# First Stealth Chamber/First Time Grower - Please Grade my Rough Draft



## SuperTechy (Jul 30, 2009)

OK, this will be my first run in with growing in my home. Just ordered my first set of seeds from Nirvana, and am trying to get my rough draft built before they get here.

I have x5 femalized White Widows, and x5 femalized Full Moon coming as long as customs doesnt steal them on the way. I will be growing two of each together in my new chamber.

I wanted to keep this simple, efficient, and inexpensive, and get the most possible from my harvest.

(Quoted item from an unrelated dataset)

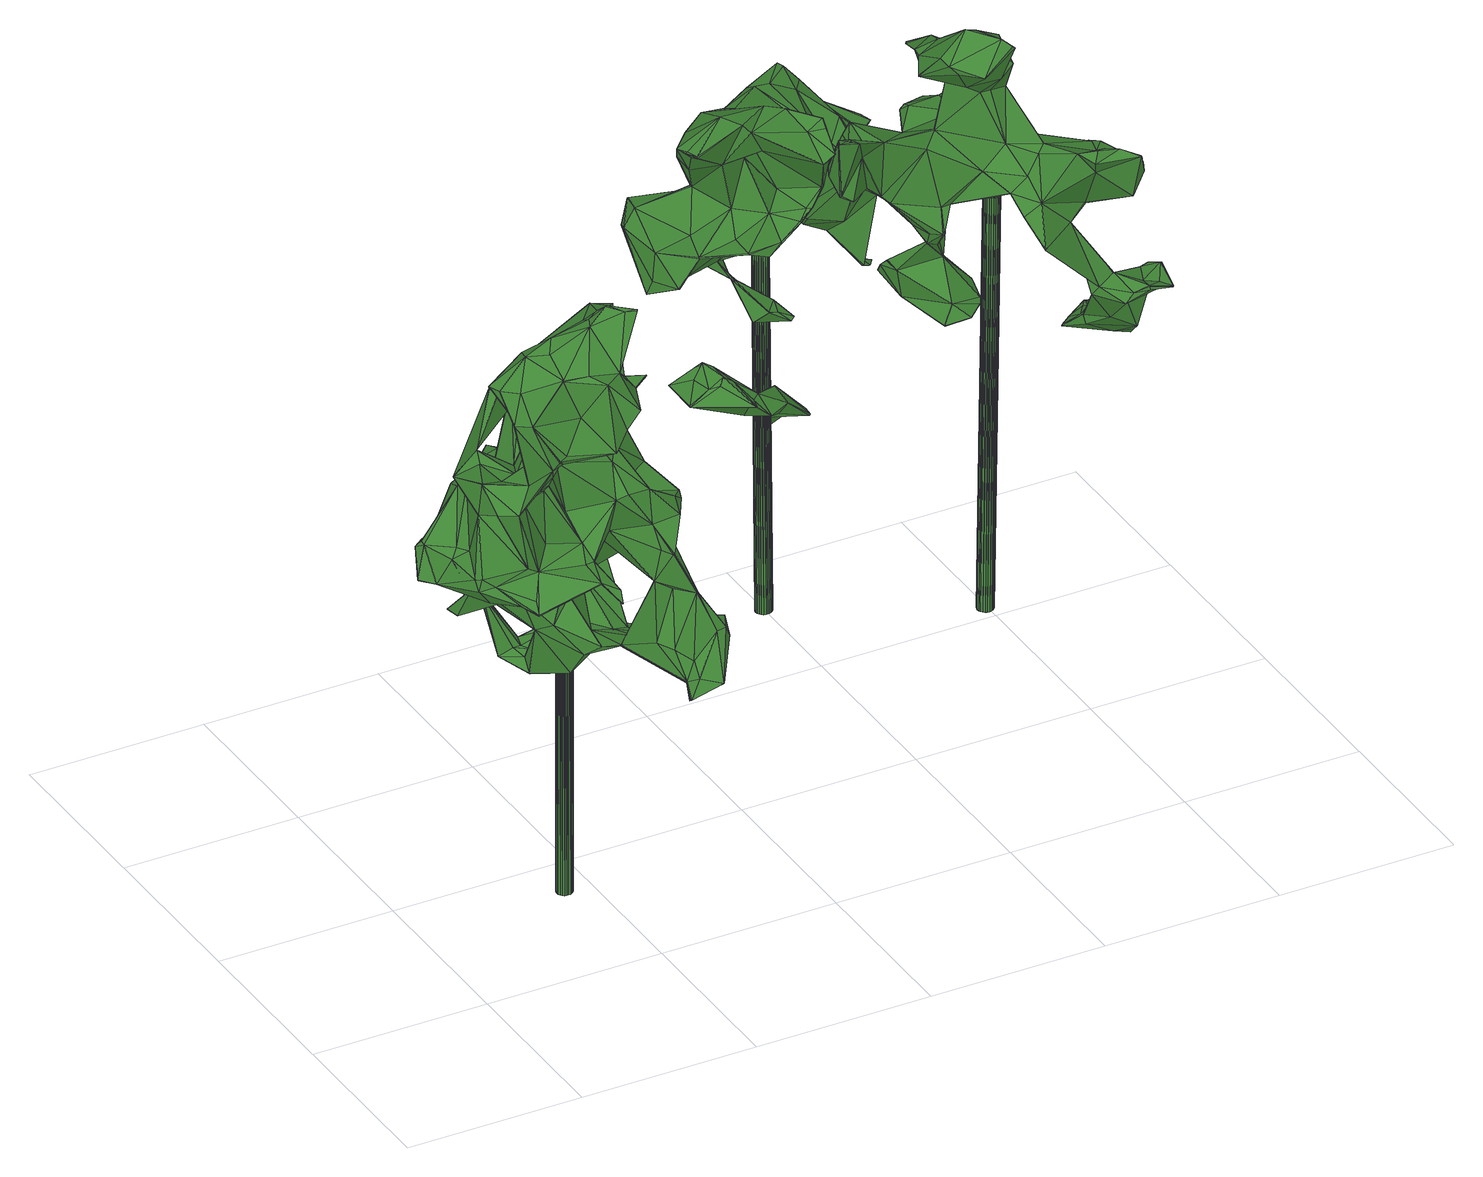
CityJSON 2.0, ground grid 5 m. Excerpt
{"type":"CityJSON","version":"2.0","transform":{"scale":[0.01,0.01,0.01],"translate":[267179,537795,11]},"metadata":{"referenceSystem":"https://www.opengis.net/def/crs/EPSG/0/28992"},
"CityObjects":{
"tree1":{"type":"SolitaryVegetationObject","attributes":{"gtid":186,"crown_width_m":6.76,"crown_median_z":22.36,"crown_r50_m":0.382,"crown_porosity":0.902,"trunk_H_m":10.62,"trunk_DBH_m":0.428,"trunk_radius_m":0.214,"trunk_base_height_m":11.74,"original_gtid":"206"},"geometry":[{"type":"Solid","lod":"3","boundaries":[[[[0,1,2]],[[3,4,5]],[[6,7,8]],[[9,10,11]],[[12,13,14]],[[15,16,17]],[[18,19,20]],[[21,22,23]],[[24,25,26]],[[27,28,3]],[[29,30,31]],[[32,33,34]],[[35,36,37]],[[38,39,40]],[[41,42,43]],[[44,45,46]],[[23,47,48]],[[49,50,51]],[[52,53,54]],[[55,54,53]],[[56,21,57]],[[58,59,60]],[[34,59,58]],[[20,61,18]],[[62,63,64]],[[12,14,65]],[[46,45,66]],[[67,68,6]],[[69,47,23]],[[70,67,71]],[[72,73,74]],[[75,0,76]],[[45,77,66]],[[78,79,80]],[[21,23,48]],[[81,82,83]],[[84,85,86]],[[87,86,85]],[[88,89,66]],[[90,91,92]],[[93,24,94]],[[95,24,93]],[[96,97,98]],[[99,52,100]],[[99,100,101]],[[102,103,44]],[[46,89,2]],[[104,105,106]],[[22,34,107]],[[22,107,23]],[[84,47,69]],[[108,109,110]],[[41,111,112]],[[113,112,111]],[[114,115,116]],[[20,60,61]],[[117,118,119]],[[120,41,121]],[[122,123,124]],[[125,126,127]],[[114,116,128]],[[22,21,56]],[[105,113,111]],[[80,129,130]],[[103,130,129]],[[69,131,84]],[[0,2,76]],[[132,133,134]],[[134,133,135]],[[81,136,35]],[[93,13,12]],[[137,8,138]],[[139,140,141]],[[9,34,58]],[[67,142,143]],[[6,142,67]],[[102,144,103]],[[130,103,144]],[[44,46,102]],[[110,145,108]],[[146,147,148]],[[146,148,149]],[[31,30,150]],[[68,70,83]],[[151,152,153]],[[154,155,156]],[[54,83,82]],[[54,82,52]],[[65,157,158]],[[159,157,65]],[[26,160,161]],[[162,157,159]],[[163,164,165]],[[163,165,166]],[[13,167,45]],[[94,167,13]],[[49,168,50]],[[2,1,46]],[[113,169,170]],[[106,171,104]],[[166,28,27]],[[7,6,68]],[[43,42,172]],[[43,172,173]],[[41,43,173]],[[174,31,110]],[[76,52,175]],[[3,5,27]],[[80,126,176]],[[109,124,110]],[[110,150,145]],[[36,177,178]],[[179,180,144]],[[181,182,17]],[[95,25,24]],[[159,183,162]],[[162,183,184]],[[94,185,167]],[[94,13,93]],[[186,60,20]],[[51,187,188]],[[94,24,185]],[[189,66,190]],[[35,191,192]],[[37,191,35]],[[12,65,158]],[[193,107,9]],[[123,194,174]],[[158,157,162]],[[149,195,76]],[[148,195,149]],[[88,42,146]],[[147,146,42]],[[196,118,11]],[[197,1,0]],[[102,1,197]],[[100,52,82]],[[100,82,81]],[[120,42,41]],[[158,198,12]],[[199,143,72]],[[167,77,45]],[[200,201,202]],[[200,202,184]],[[60,63,58]],[[186,63,60]],[[203,112,204]],[[203,204,205]],[[80,130,126]],[[206,3,203]],[[206,203,205]],[[207,28,165]],[[208,121,209]],[[210,148,147]],[[2,149,76]],[[118,211,152]],[[212,213,214]],[[215,216,128]],[[217,218,201]],[[121,41,112]],[[175,219,76]],[[178,90,92]],[[178,155,154]],[[42,88,172]],[[173,172,88]],[[178,177,155]],[[155,177,36]],[[115,199,220]],[[115,221,199]],[[68,54,55]],[[179,222,223]],[[75,223,222]],[[73,72,224]],[[11,10,225]],[[132,173,88]],[[14,78,65]],[[9,107,34]],[[145,73,163]],[[226,227,228]],[[81,229,136]],[[83,214,81]],[[229,81,214]],[[20,19,186]],[[112,3,28]],[[112,28,121]],[[45,230,13]],[[143,231,72]],[[217,186,218]],[[186,232,218]],[[233,29,234]],[[233,234,235]],[[188,236,237]],[[237,236,238]],[[156,155,36]],[[32,34,239]],[[240,241,138]],[[240,138,7]],[[105,41,173]],[[105,173,106]],[[90,178,154]],[[156,90,154]],[[194,16,234]],[[29,233,168]],[[68,67,70]],[[101,175,52]],[[26,185,24]],[[14,79,78]],[[96,231,97]],[[164,231,96]],[[167,185,77]],[[242,204,112]],[[106,173,134]],[[70,214,83]],[[243,17,16]],[[18,61,244]],[[235,245,246]],[[130,144,180]],[[232,171,218]],[[72,247,224]],[[90,248,221]],[[0,222,249]],[[117,119,216]],[[188,237,51]],[[46,66,89]],[[196,32,119]],[[79,230,44]],[[233,250,220]],[[168,233,220]],[[250,233,246]],[[221,248,213]],[[156,213,248]],[[251,126,125]],[[64,186,217]],[[178,92,36]],[[186,64,63]],[[92,37,36]],[[184,198,162]],[[32,239,226]],[[252,243,123]],[[139,141,170]],[[158,162,198]],[[71,214,70]],[[212,214,71]],[[35,229,36]],[[136,229,35]],[[156,36,229]],[[156,229,213]],[[220,199,168]],[[56,57,253]],[[235,246,233]],[[56,239,22]],[[119,228,216]],[[115,254,221]],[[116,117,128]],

I have attached what I came up with:


Hopefully this is clear enough to make out, its a quick photoshop job. Items I plan to install:

Window A/C unit (this guy is cheaper than an intake fan at $50 used)
600 watt HPS w/ glass plate
Hydroponic tank with mist sprayers, air stones, and Nutri-Mist fogger
Charcoal carbon odor filter
Inline fan for the exhaust
The A/C unit will be seperated air tight from the grow chamber, and pulling air from outside the cabinet in the back. The cold air will flow into the light fixture, as well a custom air duct into the chamber. The custom air duct will have 3 air vents that I can open, close, and regulate. The light fixture lines will be adjustable to allow me to keep my light directly above my plants thoughout the entire grow process. The exhaust will be pulling air through the scrubber before exiting the chamber. I will also be covering the entire inside with mylar, just didnt want all the extra photoshop work on that one.


Please throw me any critique you can think of, or anything that a first time builder/grower may run into.

Being that I have never grown before, I am still only 50% familiar with what the hell to even do from the point of seeding, so I am sure these plans may change a bit before I buy supplies...


Thanks everyone!


----------



## bluealein56 (Jul 31, 2009)

interesting. I like the ac vents. But im not sure if you will need that much air coming in. 
I mean its not gonna hurt anything, just might be a little overkill if your gonna be cooling your lights too. 
How big is this cabniet? thats gonna determine what type of fan and size filter you need.


----------



## Clandestino (Jul 31, 2009)

I like the design, very creative.  Contrary to what blue said I am not sure the extra air will be over kill, only because the chamber walls are metal and will heat up quick.  Be careful not to fry your plants.  You might want to consider some sort of insulation on the inside to prevent the plants from coming in contact with hot metal walls.  Its hard to say cause then you will have more heat build up too.  Good luck!


----------



## kalikisu (Jul 31, 2009)

that is a sweet closet Techy. Once its up and running I cant wait to see the flicks.


----------



## DonJones (Aug 7, 2009)

Supertechy,

Maybe I'm misreading  you plan, but you can NOT use a window or through the wall AC inside an enclosed area like it appears you are doing in the sketch.  You have to mount it through the wall so that the condenser coil and vents are outside of your box and the front vents and evaporator are inside the box.  There is a nearly solid divider that runs between the 2 halves of the AC.  It is designed to take warmer air into the front of the AC, pass it over the evaporator and transfer heat from the air to the freon inside of the unit and exhaust cooled air back out the front of the unit.  Then it sends the heated freon through the divider and through the condenser where outside air passes over the condenser and transfers the heat from the freon, cooling the freon for the next cycle in the process, to the outside air and exhausts heated air outside.  An AC does NOT cool air, it extracts heat from the air inside the room and transfers it to the air outside the room and if the AC is used within the room, then all it does is make part of the room cooler and the other part hotter  but since the air is moving around it remixes and you haven't accomplished any thing.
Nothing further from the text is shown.